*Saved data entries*
————
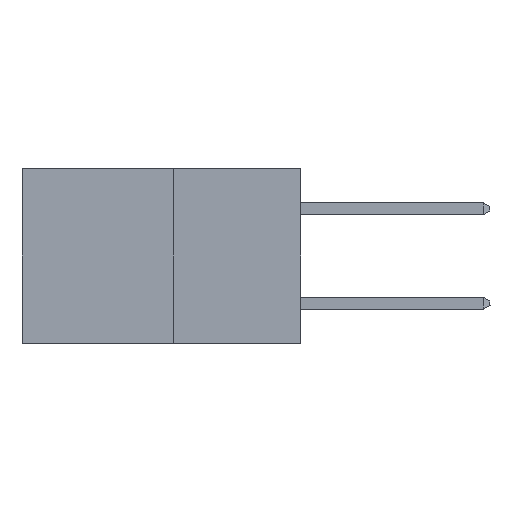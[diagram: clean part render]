
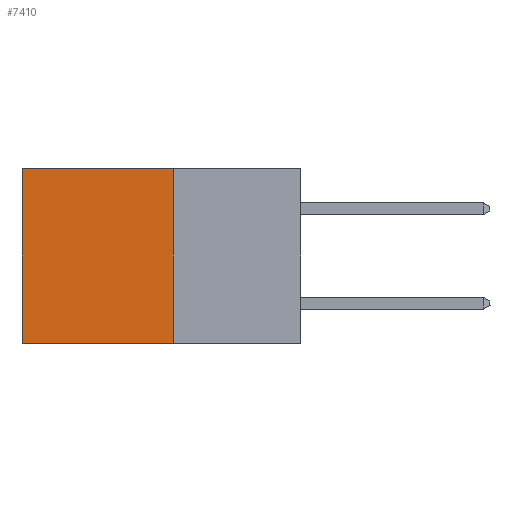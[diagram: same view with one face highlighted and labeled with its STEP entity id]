
A CAD part, left-side view. The second image highlights one B-rep face of the part: STEP entity #7410.
In plain terms, the highlighted planar face has unit normal (-1, 0, 0).
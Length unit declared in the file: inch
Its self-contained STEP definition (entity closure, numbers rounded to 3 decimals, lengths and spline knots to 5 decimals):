
#195 = CARTESIAN_POINT ( 'NONE',  ( 0.277, 0.59, 0. ) ) ;
#219 = CARTESIAN_POINT ( 'NONE',  ( 0.277, 0.27, 0. ) ) ;
#1136 = EDGE_CURVE ( 'NONE', #7480, #5688, #2729, .T. ) ;
#1151 = DIRECTION ( 'NONE',  ( 0., 1., 0. ) ) ;
#1158 = DIRECTION ( 'NONE',  ( 0., 0., -1. ) ) ;
#1177 = EDGE_CURVE ( 'NONE', #7480, #15534, #12772, .T. ) ;
#1819 = FACE_OUTER_BOUND ( 'NONE', #15749, .T. ) ;
#2465 = CARTESIAN_POINT ( 'NONE',  ( 0.277, 0.27, -0.37 ) ) ;
#2729 = LINE ( 'NONE', #7201, #3126 ) ;
#2846 = ORIENTED_EDGE ( 'NONE', *, *, #3154, .T. ) ;
#3002 = VERTEX_POINT ( 'NONE', #14029 ) ;
#3126 = VECTOR ( 'NONE', #11773, 39.37008 ) ;
#3154 = EDGE_CURVE ( 'NONE', #15534, #3002, #7011, .T. ) ;
#3896 = CARTESIAN_POINT ( 'NONE',  ( 0.277, 0.27, -0.37 ) ) ;
#3910 = VECTOR ( 'NONE', #1151, 39.37008 ) ;
#4154 = DIRECTION ( 'NONE',  ( 0., 1., 0. ) ) ;
#4324 = LINE ( 'NONE', #3896, #3910 ) ;
#4820 = ORIENTED_EDGE ( 'NONE', *, *, #1136, .F. ) ;
#5304 = VECTOR ( 'NONE', #4154, 39.37008 ) ;
#5688 = VERTEX_POINT ( 'NONE', #2465 ) ;
#6193 = CARTESIAN_POINT ( 'NONE',  ( 0.277, 0.27, -0.37 ) ) ;
#6356 = CARTESIAN_POINT ( 'NONE',  ( 0.277, 0.27, 0. ) ) ;
#7011 = LINE ( 'NONE', #8040, #13299 ) ;
#7201 = CARTESIAN_POINT ( 'NONE',  ( 0.277, 0.27, -0.37 ) ) ;
#7410 = ADVANCED_FACE ( 'NONE', ( #1819 ), #16224, .F. ) ;
#7480 = VERTEX_POINT ( 'NONE', #6356 ) ;
#8040 = CARTESIAN_POINT ( 'NONE',  ( 0.277, 0.59, -0.37 ) ) ;
#8099 = AXIS2_PLACEMENT_3D ( 'NONE', #6193, #8712, #1158 ) ;
#8213 = ORIENTED_EDGE ( 'NONE', *, *, #9691, .F. ) ;
#8712 = DIRECTION ( 'NONE',  ( 1., 0., 0. ) ) ;
#9306 = DIRECTION ( 'NONE',  ( 0., 0., -1. ) ) ;
#9691 = EDGE_CURVE ( 'NONE', #5688, #3002, #4324, .T. ) ;
#11773 = DIRECTION ( 'NONE',  ( 0., 0., -1. ) ) ;
#12772 = LINE ( 'NONE', #219, #5304 ) ;
#12914 = ORIENTED_EDGE ( 'NONE', *, *, #1177, .T. ) ;
#13299 = VECTOR ( 'NONE', #9306, 39.37008 ) ;
#14029 = CARTESIAN_POINT ( 'NONE',  ( 0.277, 0.59, -0.37 ) ) ;
#15534 = VERTEX_POINT ( 'NONE', #195 ) ;
#15749 = EDGE_LOOP ( 'NONE', ( #2846, #8213, #4820, #12914 ) ) ;
#16224 = PLANE ( 'NONE',  #8099 ) ;
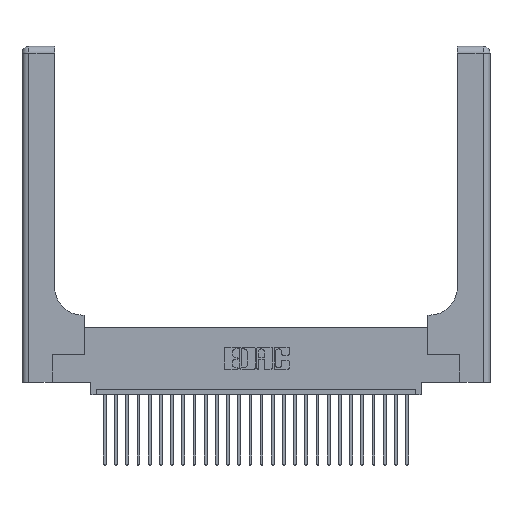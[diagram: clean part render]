
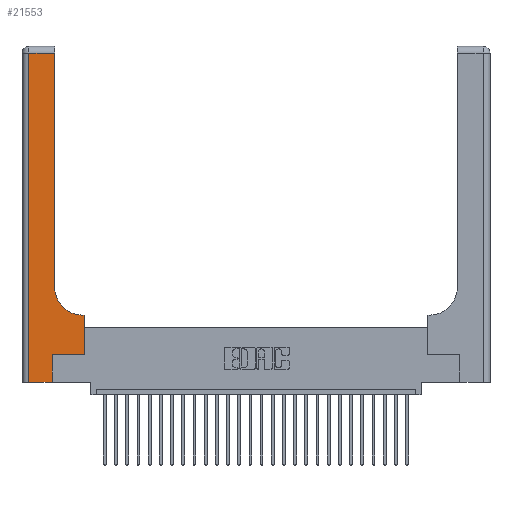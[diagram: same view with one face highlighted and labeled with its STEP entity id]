
A CAD part, top view. The second image highlights one B-rep face of the part: STEP entity #21553.
In plain terms, the highlighted planar face has unit normal (0, 0, 1).
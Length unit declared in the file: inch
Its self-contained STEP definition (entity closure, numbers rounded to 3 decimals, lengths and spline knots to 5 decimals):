
#612 = DIRECTION ( 'NONE',  ( 1., 0., 0. ) ) ;
#784 = CARTESIAN_POINT ( 'NONE',  ( 0.269, 0., 0.37 ) ) ;
#1713 = VERTEX_POINT ( 'NONE', #27863 ) ;
#1917 = ORIENTED_EDGE ( 'NONE', *, *, #19666, .T. ) ;
#2044 = ORIENTED_EDGE ( 'NONE', *, *, #11400, .T. ) ;
#2306 = VERTEX_POINT ( 'NONE', #14182 ) ;
#2566 = ORIENTED_EDGE ( 'NONE', *, *, #6334, .T. ) ;
#2737 = LINE ( 'NONE', #10721, #10998 ) ;
#3869 = DIRECTION ( 'NONE',  ( 1., 0., 0. ) ) ;
#4116 = EDGE_LOOP ( 'NONE', ( #28318, #12226, #2044, #15017, #24275, #1917, #6110, #24682, #2566 ) ) ;
#4122 = VERTEX_POINT ( 'NONE', #11377 ) ;
#4526 = LINE ( 'NONE', #6861, #8990 ) ;
#4655 = VECTOR ( 'NONE', #24293, 39.37008 ) ;
#5249 = CARTESIAN_POINT ( 'NONE',  ( 0.5415, 0.6, 0.37 ) ) ;
#6110 = ORIENTED_EDGE ( 'NONE', *, *, #18317, .T. ) ;
#6334 = EDGE_CURVE ( 'NONE', #10939, #1713, #20277, .T. ) ;
#6552 = DIRECTION ( 'NONE',  ( -1., 0., 0. ) ) ;
#6861 = CARTESIAN_POINT ( 'NONE',  ( 0.5585, 0.25, 0.37 ) ) ;
#7427 = DIRECTION ( 'NONE',  ( 0., 1., 0. ) ) ;
#7711 = CARTESIAN_POINT ( 'NONE',  ( 0., 2.94, 0.37 ) ) ;
#8588 = AXIS2_PLACEMENT_3D ( 'NONE', #10648, #23972, #612 ) ;
#8747 = CARTESIAN_POINT ( 'NONE',  ( 0.5585, 0.6, 0.37 ) ) ;
#8778 = VERTEX_POINT ( 'NONE', #25815 ) ;
#8814 = LINE ( 'NONE', #7711, #18090 ) ;
#8887 = CARTESIAN_POINT ( 'NONE',  ( 0.269, 0.25, 0.37 ) ) ;
#8990 = VECTOR ( 'NONE', #11502, 39.37008 ) ;
#9506 = LINE ( 'NONE', #12416, #20485 ) ;
#9545 = FACE_OUTER_BOUND ( 'NONE', #4116, .T. ) ;
#10534 = LINE ( 'NONE', #784, #10869 ) ;
#10648 = CARTESIAN_POINT ( 'NONE',  ( 0.5415, 0.85, 0.37 ) ) ;
#10721 = CARTESIAN_POINT ( 'NONE',  ( 0., 0., 0.37 ) ) ;
#10869 = VECTOR ( 'NONE', #7427, 39.37008 ) ;
#10939 = VERTEX_POINT ( 'NONE', #5249 ) ;
#10998 = VECTOR ( 'NONE', #3869, 39.37008 ) ;
#11377 = CARTESIAN_POINT ( 'NONE',  ( 0.269, 0., 0.37 ) ) ;
#11400 = EDGE_CURVE ( 'NONE', #18006, #2306, #9506, .T. ) ;
#11401 = VERTEX_POINT ( 'NONE', #23299 ) ;
#11502 = DIRECTION ( 'NONE',  ( 0., 1., 0. ) ) ;
#11718 = VECTOR ( 'NONE', #13594, 39.37008 ) ;
#11906 = EDGE_CURVE ( 'NONE', #18155, #10939, #28298, .T. ) ;
#12226 = ORIENTED_EDGE ( 'NONE', *, *, #21960, .T. ) ;
#12416 = CARTESIAN_POINT ( 'NONE',  ( 0.06, 3., 0.37 ) ) ;
#13594 = DIRECTION ( 'NONE',  ( 1., 0., 0. ) ) ;
#14182 = CARTESIAN_POINT ( 'NONE',  ( 0.06, 0., 0.37 ) ) ;
#14954 = VERTEX_POINT ( 'NONE', #25767 ) ;
#15017 = ORIENTED_EDGE ( 'NONE', *, *, #20584, .T. ) ;
#15330 = VECTOR ( 'NONE', #26374, 39.37008 ) ;
#16685 = AXIS2_PLACEMENT_3D ( 'NONE', #26171, #26080, #6552 ) ;
#17710 = LINE ( 'NONE', #22321, #15330 ) ;
#18006 = VERTEX_POINT ( 'NONE', #20951 ) ;
#18090 = VECTOR ( 'NONE', #20863, 39.37008 ) ;
#18155 = VERTEX_POINT ( 'NONE', #8747 ) ;
#18317 = EDGE_CURVE ( 'NONE', #8778, #18155, #4526, .T. ) ;
#19666 = EDGE_CURVE ( 'NONE', #11401, #8778, #23717, .T. ) ;
#20277 = CIRCLE ( 'NONE', #8588, 0.25 ) ;
#20485 = VECTOR ( 'NONE', #21120, 39.37008 ) ;
#20584 = EDGE_CURVE ( 'NONE', #2306, #4122, #2737, .T. ) ;
#20863 = DIRECTION ( 'NONE',  ( -1., 0., 0. ) ) ;
#20951 = CARTESIAN_POINT ( 'NONE',  ( 0.06, 2.94, 0.37 ) ) ;
#21120 = DIRECTION ( 'NONE',  ( 0., -1., 0. ) ) ;
#21553 = ADVANCED_FACE ( 'NONE', ( #9545 ), #23995, .F. ) ;
#21960 = EDGE_CURVE ( 'NONE', #14954, #18006, #8814, .T. ) ;
#22321 = CARTESIAN_POINT ( 'NONE',  ( 0.2915, 3., 0.37 ) ) ;
#22921 = EDGE_CURVE ( 'NONE', #4122, #11401, #10534, .T. ) ;
#23299 = CARTESIAN_POINT ( 'NONE',  ( 0.269, 0.25, 0.37 ) ) ;
#23717 = LINE ( 'NONE', #8887, #11718 ) ;
#23972 = DIRECTION ( 'NONE',  ( 0., 0., -1. ) ) ;
#23995 = PLANE ( 'NONE',  #16685 ) ;
#24275 = ORIENTED_EDGE ( 'NONE', *, *, #22921, .T. ) ;
#24293 = DIRECTION ( 'NONE',  ( -1., 0., 0. ) ) ;
#24682 = ORIENTED_EDGE ( 'NONE', *, *, #11906, .T. ) ;
#25767 = CARTESIAN_POINT ( 'NONE',  ( 0.2915, 2.94, 0.37 ) ) ;
#25815 = CARTESIAN_POINT ( 'NONE',  ( 0.5585, 0.25, 0.37 ) ) ;
#25858 = EDGE_CURVE ( 'NONE', #1713, #14954, #17710, .T. ) ;
#26080 = DIRECTION ( 'NONE',  ( 0., 0., -1. ) ) ;
#26171 = CARTESIAN_POINT ( 'NONE',  ( 0., 3., 0.37 ) ) ;
#26374 = DIRECTION ( 'NONE',  ( 0., 1., 0. ) ) ;
#27814 = CARTESIAN_POINT ( 'NONE',  ( 0.2915, 0.6, 0.37 ) ) ;
#27863 = CARTESIAN_POINT ( 'NONE',  ( 0.2915, 0.85, 0.37 ) ) ;
#28298 = LINE ( 'NONE', #27814, #4655 ) ;
#28318 = ORIENTED_EDGE ( 'NONE', *, *, #25858, .T. ) ;
————
*TASK TO CARRY OUT*
Could you write out, exactly as they stand, only the lines above that begin at the line with "A CAD part, top" and stop after the line with "#3869 = DIRECTION"?

*PROBLEM SOLUTION*
A CAD part, top view. The second image highlights one B-rep face of the part: STEP entity #21553.
In plain terms, the highlighted planar face has unit normal (0, 0, 1).
Length unit declared in the file: inch
Its self-contained STEP definition (entity closure, numbers rounded to 3 decimals, lengths and spline knots to 5 decimals):
#612 = DIRECTION ( 'NONE',  ( 1., 0., 0. ) ) ;
#784 = CARTESIAN_POINT ( 'NONE',  ( 0.269, 0., 0.37 ) ) ;
#1713 = VERTEX_POINT ( 'NONE', #27863 ) ;
#1917 = ORIENTED_EDGE ( 'NONE', *, *, #19666, .T. ) ;
#2044 = ORIENTED_EDGE ( 'NONE', *, *, #11400, .T. ) ;
#2306 = VERTEX_POINT ( 'NONE', #14182 ) ;
#2566 = ORIENTED_EDGE ( 'NONE', *, *, #6334, .T. ) ;
#2737 = LINE ( 'NONE', #10721, #10998 ) ;
#3869 = DIRECTION ( 'NONE',  ( 1., 0., 0. ) ) ;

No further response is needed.